Re: Elo points gain from doubling time
Posted: Mon Dec 10, 2012 11:24 pm
by Rebel
Extremities happen from time to time. Here a snapshot from an 1+1 match I am running in 8 threads. After 100 games I have:
Code: Select all
ProDeo 1.82 (work) vs ProDeo 1.81 (main) 10-12-2012 using [TIME 1+1]
Testing:
[HR_DEPTH = 1] * default=3
# ENGINE : RATING POINTS PLAYED (%)
1 WORK1 : 2649.4 11.0 13 84.6%
2 MAIN5 : 2625.7 10.5 13 80.8%
3 MAIN7 : 2596.3 9.0 12 75.0%
4 WORK4 : 2587.5 9.5 13 73.1%
5 MAIN3 : 2577.7 8.5 12 70.8%
6 MAIN6 : 2549.0 7.0 11 63.6%
7 MAIN2 : 2544.8 7.5 12 62.5%
8 WORK8 : 2500.0 7.0 14 50.0%
9 MAIN8 : 2500.0 7.0 14 50.0%
10 WORK2 : 2455.2 4.5 12 37.5%
11 WORK6 : 2451.0 4.0 11 36.4%
12 WORK3 : 2422.3 3.5 12 29.2%
13 MAIN4 : 2412.5 3.5 13 26.9%
14 WORK7 : 2403.7 3.0 12 25.0%
15 WORK5 : 2374.3 2.5 13 19.2%
16 MAIN1 : 2350.6 2.0 13 15.4%
Engine WORK (elo 2500) vs Engine MAIN (elo 2500) estimated TPR 2465 (-35)
28-34-38 (100) match score 45.0 - 55.0 (45.0%)
Won-loss 28-38 = -10 (100 games) draws 34.0%
LOS = 11.1% Elo Error Margin +56 -56
WORK 4:15:26 (25.920M nodes) NPS = 1.691K
MAIN 4:17:49 (25.971M nodes) NPS = 1.679K
Depth Stats MIDG END0 END1 END2
WORK 11.63 12.09 12.80 16.70
MAIN 11.20 12.16 12.41 16.12
MAIN = ProDeo 1.81
WORK = ProDeo 1.81 + a code change
Please explain WORK1 version scores 11/13 and the same version only scores 2.5/13 while the total score is -10.
I am confident that after 2000 games (or so) there will be clearness.
Re: Elo points gain from doubling time
Posted: Mon Dec 10, 2012 11:38 pm
by Laskos
hgm wrote:Well, what you
think and what you
measure are two different things...
If you plan to continue this investigation, I would be really curious to see what happens if you also throw in a 0.25s, 0.5s and 2s Houdini.
Besides the Elo model, which is pretty irrelevant here (on -100,+100 points interval all models are almost linear), I see the problem with still large error margins.

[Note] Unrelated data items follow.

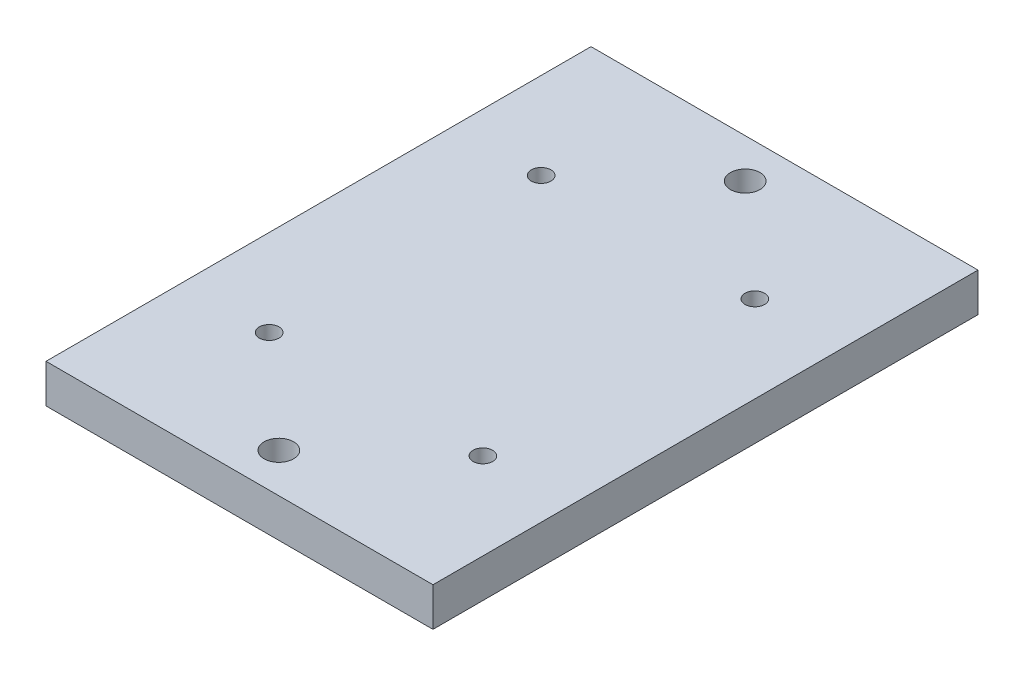
SolidWorks part; units mm, degrees
ref_plane "Front Plane" through (0, 0, 0) normal (0, 0, 1) x (1, 0, 0)
ref_plane "Top Plane" through (0, 0, 0) normal (0, 1, 0) x (1, 0, 0)
ref_plane "Right Plane" through (0, 0, 0) normal (1, 0, 0) x (0, 0, -1)
sketch "Sketch2" plane through (0, 0, 0) normal (0, 1, 0) x (1, 0, 0)
  line L1 (0, 0) -> (63.25, 0)
  line L2 (0, 0) -> (0, 89.08)
  line L3 (0, 89.08) -> (63.25, 89.08)
  line L4 (63.25, 0) -> (63.25, 89.08)
extrude "Boss-Extrude1" add sketch "Sketch2" along normal blind 6.32
sketch "Sketch3" plane through (0, 0, 0) normal (0, -1, 0) x (-1, 0, 0)
  circle A0 centre (-31.625, 82.65) radius 2.415
extrude "Cut-Extrude1" cut sketch "Sketch3" against normal blind 6.32
sketch "Sketch4" plane through (0, 0, 0) normal (0, -1, 0) x (-1, 0, 0)
  circle A0 centre (-31.625, 6.43) radius 2.415
extrude "Cut-Extrude2" cut sketch "Sketch4" against normal blind 6.32
sketch "Sketch5" plane through (0, 0, 0) normal (0, -1, 0) x (-1, 0, 0)
  line L1 (-6.265, 12.765) -> (-56.985, 12.765)
  line L2 (-6.265, 12.765) -> (-6.265, 76.315)
  line L3 (-6.265, 76.315) -> (-56.985, 76.315)
  line L4 (-56.985, 12.765) -> (-56.985, 76.315)
  line L5 (-6.265, 12.765) -> (-56.985, 76.315) construction
  line L6 (-6.265, 76.315) -> (-56.985, 12.765) construction
  point P0 (-31.625, 44.54)
extrude "Cut-Extrude3" cut sketch "Sketch5" against normal blind 1.37
fillet "Fillet1" radius 6.35 4 edges at (6.265, 0.685, -76.315) (56.985, 0.685, -76.315) (56.985, 0.685, -12.765) (6.265, 0.685, -12.765)
sketch "Sketch6" plane through (0, 1.37, 0) normal (0, -1, 0) x (-1, 0, 0)
  line L1 (-14.16, 22.315) -> (-49.09, 22.315)
  line L2 (-14.16, 22.315) -> (-14.16, 66.765)
  line L3 (-14.16, 66.765) -> (-49.09, 66.765)
  line L4 (-49.09, 22.315) -> (-49.09, 66.765)
  line L5 (-14.16, 22.315) -> (-49.09, 66.765) construction
  line L6 (-14.16, 66.765) -> (-49.09, 22.315) construction
  point P0 (-31.625, 44.54)
  point P6 (-49.09, 22.315)
  point P7 (-49.09, 66.765)
  point P8 (-14.16, 22.315)
  point P9 (-14.16, 66.765)
sketch "Sketch7" plane through (0, 1.37, 0) normal (0, -1, 0) x (-1, 0, 0)
  circle A0 centre (-49.09, 22.315) radius 1.6
  circle A1 centre (-49.09, 66.765) radius 1.6
  circle A2 centre (-14.16, 66.765) radius 1.6
  circle A3 centre (-14.16, 22.315) radius 1.6
extrude "Cut-Extrude4" cut sketch "Sketch7" against normal through all

These 2,000-4,000 blitz games matches take a lot of time, so I will not throw in different TC Houdinis, as I just wanted to see the rule of thumb law.
Re: Elo points gain from doubling time
Posted: Tue Dec 11, 2012 8:24 am
by M ANSARI
Interesting test! I guess the value most are assuming for a doubling of cores is around 40ELO points, but that is at longer time controls. For super fast matches I think the architecture of the engine makes a huge difference if different engines are pitted against each other. I would think process vs. threaded engines would especially have a huge difference at super fast time controls and then moving to longer time controls.
Re: Elo points gain from doubling time
Posted: Tue Dec 11, 2012 8:37 am
by hgm
Laskos wrote:These 2,000-4,000 blitz games matches take a lot of time, so I will not throw in different TC Houdinis, as I just wanted to see the rule of thumb law.
Well, the 'rule of thumb' seems to be 100 Elo per doubling. (Which, btw, is more than I expected. I always assumed 70 Elo per doubling.) The rest of the analysis seems mostly analysing noise, based on a +7 +/- 4.2 @1s and a -19 +/- 6.3 @ 4s.